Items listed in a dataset

□ □ □ □ □

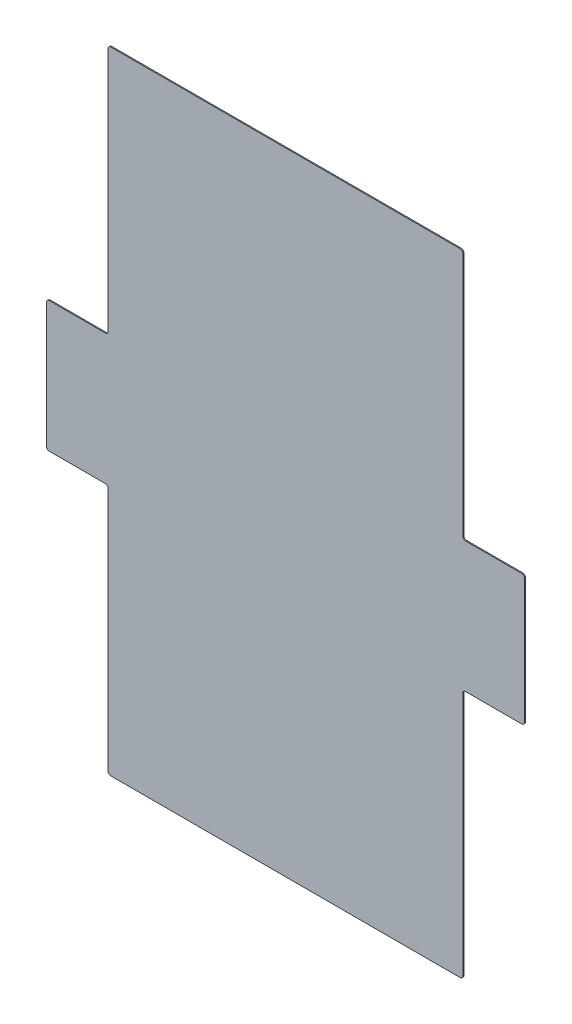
ISO-10303-21;
HEADER;
FILE_DESCRIPTION(('STEP AP214'),'2;1');
FILE_NAME('part.step','',(''),(''),'','','');
FILE_SCHEMA(('AUTOMOTIVE_DESIGN { 1 0 10303 214 1 1 1 1 }'));
ENDSEC;
DATA;
#1=APPLICATION_CONTEXT('core data for automotive mechanical design processes');
#2=APPLICATION_PROTOCOL_DEFINITION('international standard','automotive_design',2000,#1);
#3=PRODUCT_CONTEXT('',#1,'mechanical');
#4=PRODUCT('Part','Part','',(#3));
#5=PRODUCT_RELATED_PRODUCT_CATEGORY('part','',(#4));
#6=PRODUCT_DEFINITION_FORMATION('','',#4);
#7=PRODUCT_DEFINITION_CONTEXT('part definition',#1,'design');
#8=PRODUCT_DEFINITION('design','',#6,#7);
#9=PRODUCT_DEFINITION_SHAPE('','',#8);
#10=(LENGTH_UNIT() NAMED_UNIT(*) SI_UNIT(.MILLI.,.METRE.));
#11=(NAMED_UNIT(*) PLANE_ANGLE_UNIT() SI_UNIT($,.RADIAN.));
#12=(NAMED_UNIT(*) SI_UNIT($,.STERADIAN.) SOLID_ANGLE_UNIT());
#13=UNCERTAINTY_MEASURE_WITH_UNIT(LENGTH_MEASURE(1.E-05),#10,'distance_accuracy_value','');
#14=(GEOMETRIC_REPRESENTATION_CONTEXT(3) GLOBAL_UNCERTAINTY_ASSIGNED_CONTEXT((#13)) GLOBAL_UNIT_ASSIGNED_CONTEXT((#10,
#11,#12)) REPRESENTATION_CONTEXT('',''));
#15=CARTESIAN_POINT('',(0.,0.,0.));
#16=DIRECTION('',(0.,0.,1.));
#17=DIRECTION('',(1.,0.,0.));
#18=AXIS2_PLACEMENT_3D('',#15,#16,#17);
#19=CARTESIAN_POINT('',(-453.,120.,2.00000000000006));
#20=DIRECTION('',(0.,0.,-1.));
#21=DIRECTION('',(-1.,0.,0.));
#22=AXIS2_PLACEMENT_3D('',#19,#20,#21);
#23=CYLINDRICAL_SURFACE('',#22,5.);
#24=CARTESIAN_POINT('',(-453.,120.,0.));
#25=DIRECTION('',(0.,0.,-1.));
#26=DIRECTION('',(-1.,0.,0.));
#27=AXIS2_PLACEMENT_3D('',#24,#25,#26);
#28=CIRCLE('',#27,5.);
#29=CARTESIAN_POINT('',(-458.,120.,0.));
#30=VERTEX_POINT('',#29);
#31=CARTESIAN_POINT('',(-453.,125.,0.));
#32=VERTEX_POINT('',#31);
#33=EDGE_CURVE('E189',#30,#32,#28,.T.);
#34=ORIENTED_EDGE('',*,*,#33,.F.);
#35=DIRECTION('',(0.,0.,-1.));
#36=VECTOR('',#35,1.);
#37=CARTESIAN_POINT('',(-458.,120.,2.00000000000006));
#38=LINE('',#37,#36);
#39=CARTESIAN_POINT('',(-458.,120.,2.00000000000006));
#40=VERTEX_POINT('',#39);
#41=EDGE_CURVE('E11',#40,#30,#38,.T.);
#42=ORIENTED_EDGE('',*,*,#41,.F.);
#43=CARTESIAN_POINT('',(-453.,120.,2.00000000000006));
#44=DIRECTION('',(0.,0.,-1.));
#45=DIRECTION('',(-1.,0.,0.));
#46=AXIS2_PLACEMENT_3D('',#43,#44,#45);
#47=CIRCLE('',#46,5.);
#48=CARTESIAN_POINT('',(-453.,125.,2.00000000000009));
#49=VERTEX_POINT('',#48);
#50=EDGE_CURVE('E190',#40,#49,#47,.T.);
#51=ORIENTED_EDGE('',*,*,#50,.T.);
#52=DIRECTION('',(0.,0.,-1.));
#53=VECTOR('',#52,1.);
#54=CARTESIAN_POINT('',(-453.,125.,2.00000000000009));
#55=LINE('',#54,#53);
#56=EDGE_CURVE('E31',#49,#32,#55,.T.);
#57=ORIENTED_EDGE('',*,*,#56,.T.);
#58=EDGE_LOOP('',(#34,#42,#51,#57));
#59=FACE_BOUND('',#58,.T.);
#60=ADVANCED_FACE('F28',(#59),#23,.T.);
#61=CARTESIAN_POINT('',(-458.,120.,2.00000000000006));
#62=DIRECTION('',(1.,0.,0.));
#63=DIRECTION('',(0.,0.,-1.));
#64=AXIS2_PLACEMENT_3D('',#61,#62,#63);
#65=PLANE('',#64);
#66=DIRECTION('',(0.,-1.,0.));
#67=VECTOR('',#66,1.);
#68=CARTESIAN_POINT('',(-458.,120.,0.));
#69=LINE('',#68,#67);
#70=CARTESIAN_POINT('',(-458.,-120.,0.));
#71=VERTEX_POINT('',#70);
#72=EDGE_CURVE('E207',#30,#71,#69,.T.);
#73=ORIENTED_EDGE('',*,*,#72,.T.);
#74=DIRECTION('',(0.,0.,-1.));
#75=VECTOR('',#74,1.);
#76=CARTESIAN_POINT('',(-458.,-120.,2.00000000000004));
#77=LINE('',#76,#75);
#78=CARTESIAN_POINT('',(-458.,-120.,2.00000000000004));
#79=VERTEX_POINT('',#78);
#80=EDGE_CURVE('E36',#79,#71,#77,.T.);
#81=ORIENTED_EDGE('',*,*,#80,.F.);
#82=DIRECTION('',(0.,-1.,0.));
#83=VECTOR('',#82,1.);
#84=CARTESIAN_POINT('',(-458.,120.,2.00000000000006));
#85=LINE('',#84,#83);
#86=EDGE_CURVE('E49',#40,#79,#85,.T.);
#87=ORIENTED_EDGE('',*,*,#86,.F.);
#88=ORIENTED_EDGE('',*,*,#41,.T.);
#89=EDGE_LOOP('',(#73,#81,#87,#88));
#90=FACE_BOUND('',#89,.T.);
#91=ADVANCED_FACE('F461',(#90),#65,.F.);
#92=CARTESIAN_POINT('',(-453.,-120.,2.00000000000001));
#93=DIRECTION('',(0.,0.,-1.));
#94=DIRECTION('',(-1.,0.,0.));
#95=AXIS2_PLACEMENT_3D('',#92,#93,#94);
#96=CYLINDRICAL_SURFACE('',#95,5.);
#97=CARTESIAN_POINT('',(-453.,-120.,0.));
#98=DIRECTION('',(0.,0.,-1.));
#99=DIRECTION('',(-1.,0.,0.));
#100=AXIS2_PLACEMENT_3D('',#97,#98,#99);
#101=CIRCLE('',#100,5.);
#102=CARTESIAN_POINT('',(-453.,-125.,0.));
#103=VERTEX_POINT('',#102);
#104=EDGE_CURVE('E268',#103,#71,#101,.T.);
#105=ORIENTED_EDGE('',*,*,#104,.F.);
#106=DIRECTION('',(0.,0.,-1.));
#107=VECTOR('',#106,1.);
#108=CARTESIAN_POINT('',(-453.,-125.,2.00000000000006));
#109=LINE('',#108,#107);
#110=CARTESIAN_POINT('',(-453.,-125.,2.00000000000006));
#111=VERTEX_POINT('',#110);
#112=EDGE_CURVE('E334',#111,#103,#109,.T.);
#113=ORIENTED_EDGE('',*,*,#112,.F.);
#114=CARTESIAN_POINT('',(-453.,-120.,2.00000000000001));
#115=DIRECTION('',(0.,0.,-1.));
#116=DIRECTION('',(-1.,0.,0.));
#117=AXIS2_PLACEMENT_3D('',#114,#115,#116);
#118=CIRCLE('',#117,5.);
#119=EDGE_CURVE('E329',#111,#79,#118,.T.);
#120=ORIENTED_EDGE('',*,*,#119,.T.);
#121=ORIENTED_EDGE('',*,*,#80,.T.);
#122=EDGE_LOOP('',(#105,#113,#120,#121));
#123=FACE_BOUND('',#122,.T.);
#124=ADVANCED_FACE('F459',(#123),#96,.T.);
#125=CARTESIAN_POINT('',(-345.,-125.,2.00000000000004));
#126=DIRECTION('',(0.,-1.,0.));
#127=DIRECTION('',(1.,0.,0.));
#128=AXIS2_PLACEMENT_3D('',#125,#126,#127);
#129=PLANE('',#128);
#130=DIRECTION('',(-1.,0.,0.));
#131=VECTOR('',#130,1.);
#132=CARTESIAN_POINT('',(-345.,-125.,0.));
#133=LINE('',#132,#131);
#134=CARTESIAN_POINT('',(-345.,-125.,0.));
#135=VERTEX_POINT('',#134);
#136=EDGE_CURVE('E265',#135,#103,#133,.T.);
#137=ORIENTED_EDGE('',*,*,#136,.F.);
#138=DIRECTION('',(0.,0.,-1.));
#139=VECTOR('',#138,1.);
#140=CARTESIAN_POINT('',(-345.,-125.,2.00000000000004));
#141=LINE('',#140,#139);
#142=CARTESIAN_POINT('',(-345.,-125.,2.00000000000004));
#143=VERTEX_POINT('',#142);
#144=EDGE_CURVE('E336',#143,#135,#141,.T.);
#145=ORIENTED_EDGE('',*,*,#144,.F.);
#146=DIRECTION('',(-1.,0.,0.));
#147=VECTOR('',#146,1.);
#148=CARTESIAN_POINT('',(-345.,-125.,2.00000000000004));
#149=LINE('',#148,#147);
#150=EDGE_CURVE('E326',#143,#111,#149,.T.);
#151=ORIENTED_EDGE('',*,*,#150,.T.);
#152=ORIENTED_EDGE('',*,*,#112,.T.);
#153=EDGE_LOOP('',(#137,#145,#151,#152));
#154=FACE_BOUND('',#153,.T.);
#155=ADVANCED_FACE('F456',(#154),#129,.T.);
#156=CARTESIAN_POINT('',(-345.,-130.,2.00000000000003));
#157=DIRECTION('',(0.,0.,-1.));
#158=DIRECTION('',(-1.,0.,0.));
#159=AXIS2_PLACEMENT_3D('',#156,#157,#158);
#160=CYLINDRICAL_SURFACE('',#159,5.00000000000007);
#161=CARTESIAN_POINT('',(-345.,-130.,0.));
#162=DIRECTION('',(0.,0.,1.));
#163=DIRECTION('',(1.,0.,0.));
#164=AXIS2_PLACEMENT_3D('',#161,#162,#163);
#165=CIRCLE('',#164,5.00000000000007);
#166=CARTESIAN_POINT('',(-340.,-130.,0.));
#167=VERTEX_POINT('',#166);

□ □ □ □ □

§ Work required: Give back, exactly as written, the stretch from the line with "#96=CYLINDRICAL_SURFACE('',#95,5.);" through the line with "#113=ORIENTED_EDGE('',*,*,#112,.F.);", and no other lines from the records above.

§ Response below:
#96=CYLINDRICAL_SURFACE('',#95,5.);
#97=CARTESIAN_POINT('',(-453.,-120.,0.));
#98=DIRECTION('',(0.,0.,-1.));
#99=DIRECTION('',(-1.,0.,0.));
#100=AXIS2_PLACEMENT_3D('',#97,#98,#99);
#101=CIRCLE('',#100,5.);
#102=CARTESIAN_POINT('',(-453.,-125.,0.));
#103=VERTEX_POINT('',#102);
#104=EDGE_CURVE('E268',#103,#71,#101,.T.);
#105=ORIENTED_EDGE('',*,*,#104,.F.);
#106=DIRECTION('',(0.,0.,-1.));
#107=VECTOR('',#106,1.);
#108=CARTESIAN_POINT('',(-453.,-125.,2.00000000000006));
#109=LINE('',#108,#107);
#110=CARTESIAN_POINT('',(-453.,-125.,2.00000000000006));
#111=VERTEX_POINT('',#110);
#112=EDGE_CURVE('E334',#111,#103,#109,.T.);
#113=ORIENTED_EDGE('',*,*,#112,.F.);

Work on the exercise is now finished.